I first read Sharon Shinn years ago, it was a beautiful hybrid of fantasy and science fiction called Archangel and I enjoyed it a lot. This novel, or maybe novella, is short, powerful and packs a punch. The story is at the same time simple and complex. A young wizard who apprentices with an older wizard, learns from him, then defeats him and his evil spells at the end. But it builds up a structured story and cast that asks important questions about morality, ethics, good and evil in a deeply compelling and engaging way. Perhaps the most obvious question is "If you have the power to change something, do you have the right?" which is a question that we ask daily when faced with the fruits of modern wizardry, and Sharon Shinn has an answer that rings as true for the scientist toiling in the lab, as the young wizard struggling with a troubled heart.
"I came to magic." He said at last. "With joy. I thought it was a splendid thing to take the well of power that I found within me and shape it to marvelous uses. I learned to call up wind and control fire, to draw flowers from barren soil and divert rain to the desert. I learned to exorcise madness from men's brains and to banish illness from their blood. I can create illusions, I can make a scrying crystal give me visions that are literal, that are true. And everything I learned made me happy- made others happy. And that is what I learned magic for.

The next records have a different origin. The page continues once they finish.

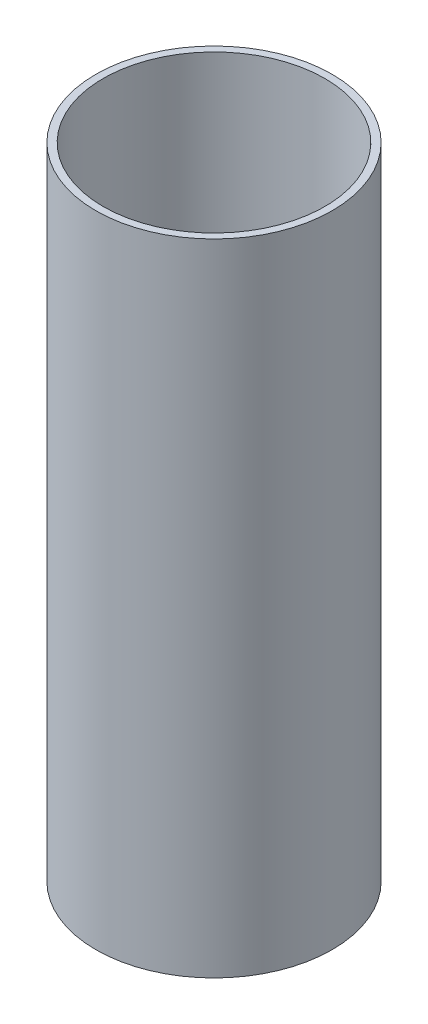
ISO-10303-21;
HEADER;
FILE_DESCRIPTION(('STEP AP214'),'2;1');
FILE_NAME('part.step','',(''),(''),'','','');
FILE_SCHEMA(('AUTOMOTIVE_DESIGN { 1 0 10303 214 1 1 1 1 }'));
ENDSEC;
DATA;
#1=APPLICATION_CONTEXT('core data for automotive mechanical design processes');
#2=APPLICATION_PROTOCOL_DEFINITION('international standard','automotive_design',2000,#1);
#3=PRODUCT_CONTEXT('',#1,'mechanical');
#4=PRODUCT('Part','Part','',(#3));
#5=PRODUCT_RELATED_PRODUCT_CATEGORY('part','',(#4));
#6=PRODUCT_DEFINITION_FORMATION('','',#4);
#7=PRODUCT_DEFINITION_CONTEXT('part definition',#1,'design');
#8=PRODUCT_DEFINITION('design','',#6,#7);
#9=PRODUCT_DEFINITION_SHAPE('','',#8);
#10=(LENGTH_UNIT() NAMED_UNIT(*) SI_UNIT(.MILLI.,.METRE.));
#11=(NAMED_UNIT(*) PLANE_ANGLE_UNIT() SI_UNIT($,.RADIAN.));
#12=(NAMED_UNIT(*) SI_UNIT($,.STERADIAN.) SOLID_ANGLE_UNIT());
#13=UNCERTAINTY_MEASURE_WITH_UNIT(LENGTH_MEASURE(1.E-05),#10,'distance_accuracy_value','');
#14=(GEOMETRIC_REPRESENTATION_CONTEXT(3) GLOBAL_UNCERTAINTY_ASSIGNED_CONTEXT((#13)) GLOBAL_UNIT_ASSIGNED_CONTEXT((#10,
#11,#12)) REPRESENTATION_CONTEXT('',''));
#15=CARTESIAN_POINT('',(0.,0.,0.));
#16=DIRECTION('',(0.,0.,1.));
#17=DIRECTION('',(1.,0.,0.));
#18=AXIS2_PLACEMENT_3D('',#15,#16,#17);
#19=CARTESIAN_POINT('',(0.,-13.97,0.));
#20=DIRECTION('',(0.,-1.,0.));
#21=DIRECTION('',(0.,0.,-1.));
#22=AXIS2_PLACEMENT_3D('',#19,#20,#21);
#23=CYLINDRICAL_SURFACE('',#22,48.41875);
#24=CARTESIAN_POINT('',(0.,0.,0.));
#25=DIRECTION('',(0.,-1.,0.));
#26=DIRECTION('',(0.,0.,-1.));
#27=AXIS2_PLACEMENT_3D('',#24,#25,#26);
#28=CIRCLE('',#27,48.41875);
#29=CARTESIAN_POINT('',(0.,0.,-48.41875));
#30=VERTEX_POINT('',#29);
#31=EDGE_CURVE('E58',#30,#30,#28,.T.);
#32=ORIENTED_EDGE('',*,*,#31,.T.);
#33=EDGE_LOOP('',(#32));
#34=FACE_BOUND('',#33,.T.);
#35=CARTESIAN_POINT('',(0.,279.4,0.));
#36=DIRECTION('',(0.,-1.,0.));
#37=DIRECTION('',(0.,0.,-1.));
#38=AXIS2_PLACEMENT_3D('',#35,#36,#37);
#39=CIRCLE('',#38,48.41875);
#40=CARTESIAN_POINT('',(0.,279.4,-48.41875));
#41=VERTEX_POINT('',#40);
#42=EDGE_CURVE('E10',#41,#41,#39,.T.);
#43=ORIENTED_EDGE('',*,*,#42,.F.);
#44=EDGE_LOOP('',(#43));
#45=FACE_BOUND('',#44,.T.);
#46=ADVANCED_FACE('F41',(#34,#45),#23,.F.);
#47=CARTESIAN_POINT('',(48.41875,279.4,0.));
#48=DIRECTION('',(0.,1.,0.));
#49=DIRECTION('',(0.,0.,1.));
#50=AXIS2_PLACEMENT_3D('',#47,#48,#49);
#51=PLANE('',#50);
#52=ORIENTED_EDGE('',*,*,#42,.T.);
#53=EDGE_LOOP('',(#52));
#54=FACE_BOUND('',#53,.T.);
#55=CARTESIAN_POINT('',(0.,279.4,0.));
#56=DIRECTION('',(0.,-1.,0.));
#57=DIRECTION('',(0.,0.,-1.));
#58=AXIS2_PLACEMENT_3D('',#55,#56,#57);
#59=CIRCLE('',#58,51.59375);
#60=CARTESIAN_POINT('',(0.,279.4,-51.59375));
#61=VERTEX_POINT('',#60);
#62=EDGE_CURVE('E48',#61,#61,#59,.T.);
#63=ORIENTED_EDGE('',*,*,#62,.F.);
#64=EDGE_LOOP('',(#63));
#65=FACE_BOUND('',#64,.T.);
#66=ADVANCED_FACE('F75',(#54,#65),#51,.T.);
#67=CARTESIAN_POINT('',(0.,-13.97,0.));
#68=DIRECTION('',(0.,-1.,0.));
#69=DIRECTION('',(0.,0.,-1.));
#70=AXIS2_PLACEMENT_3D('',#67,#68,#69);
#71=CYLINDRICAL_SURFACE('',#70,51.59375);
#72=ORIENTED_EDGE('',*,*,#62,.T.);
#73=EDGE_LOOP('',(#72));
#74=FACE_BOUND('',#73,.T.);
#75=CARTESIAN_POINT('',(0.,0.,0.));
#76=DIRECTION('',(0.,-1.,0.));
#77=DIRECTION('',(0.,0.,-1.));
#78=AXIS2_PLACEMENT_3D('',#75,#76,#77);
#79=CIRCLE('',#78,51.59375);
#80=CARTESIAN_POINT('',(0.,0.,-51.59375));
#81=VERTEX_POINT('',#80);
#82=EDGE_CURVE('E53',#81,#81,#79,.T.);
#83=ORIENTED_EDGE('',*,*,#82,.F.);
#84=EDGE_LOOP('',(#83));
#85=FACE_BOUND('',#84,.T.);
#86=ADVANCED_FACE('F69',(#74,#85),#71,.T.);
#87=CARTESIAN_POINT('',(48.41875,0.,0.));
#88=DIRECTION('',(0.,-1.,0.));
#89=DIRECTION('',(0.,0.,-1.));
#90=AXIS2_PLACEMENT_3D('',#87,#88,#89);
#91=PLANE('',#90);
#92=ORIENTED_EDGE('',*,*,#82,.T.);
#93=EDGE_LOOP('',(#92));
#94=FACE_BOUND('',#93,.T.);
#95=ORIENTED_EDGE('',*,*,#31,.F.);
#96=EDGE_LOOP('',(#95));
#97=FACE_BOUND('',#96,.T.);
#98=ADVANCED_FACE('F67',(#94,#97),#91,.T.);
#99=CLOSED_SHELL('',(#46,#66,#86,#98));
#100=MANIFOLD_SOLID_BREP('B2',#99);
#101=ADVANCED_BREP_SHAPE_REPRESENTATION('',(#18,#100),#14);
#102=SHAPE_DEFINITION_REPRESENTATION(#9,#101);
ENDSEC;
END-ISO-10303-21;

"But magic, I have discovered, is like any other skill. It is not inherently good in itself. And some of it- yes some of it is inherently evil. There are wicked spells, savage spells, enchantments that are so black that even to know them withers the heart just a little, taints the soul. And yet to be a great magician, to be a sorcerer of any ability or reknown, those spells must be learned as well. For if a magician does not know them, they can be used against him- and what is magic after all, but a man's power to change the world while it is incapable of changing him?"
The difference between the magic of tales and the magic we wield daily, is that we do so in an ignorance not suffered by Aubrey. For no single man or woman is a magician in the modern world, and it is perhaps in our collective knowledge and lack of that many evils lie.
A great read and one I will pick up again in the future.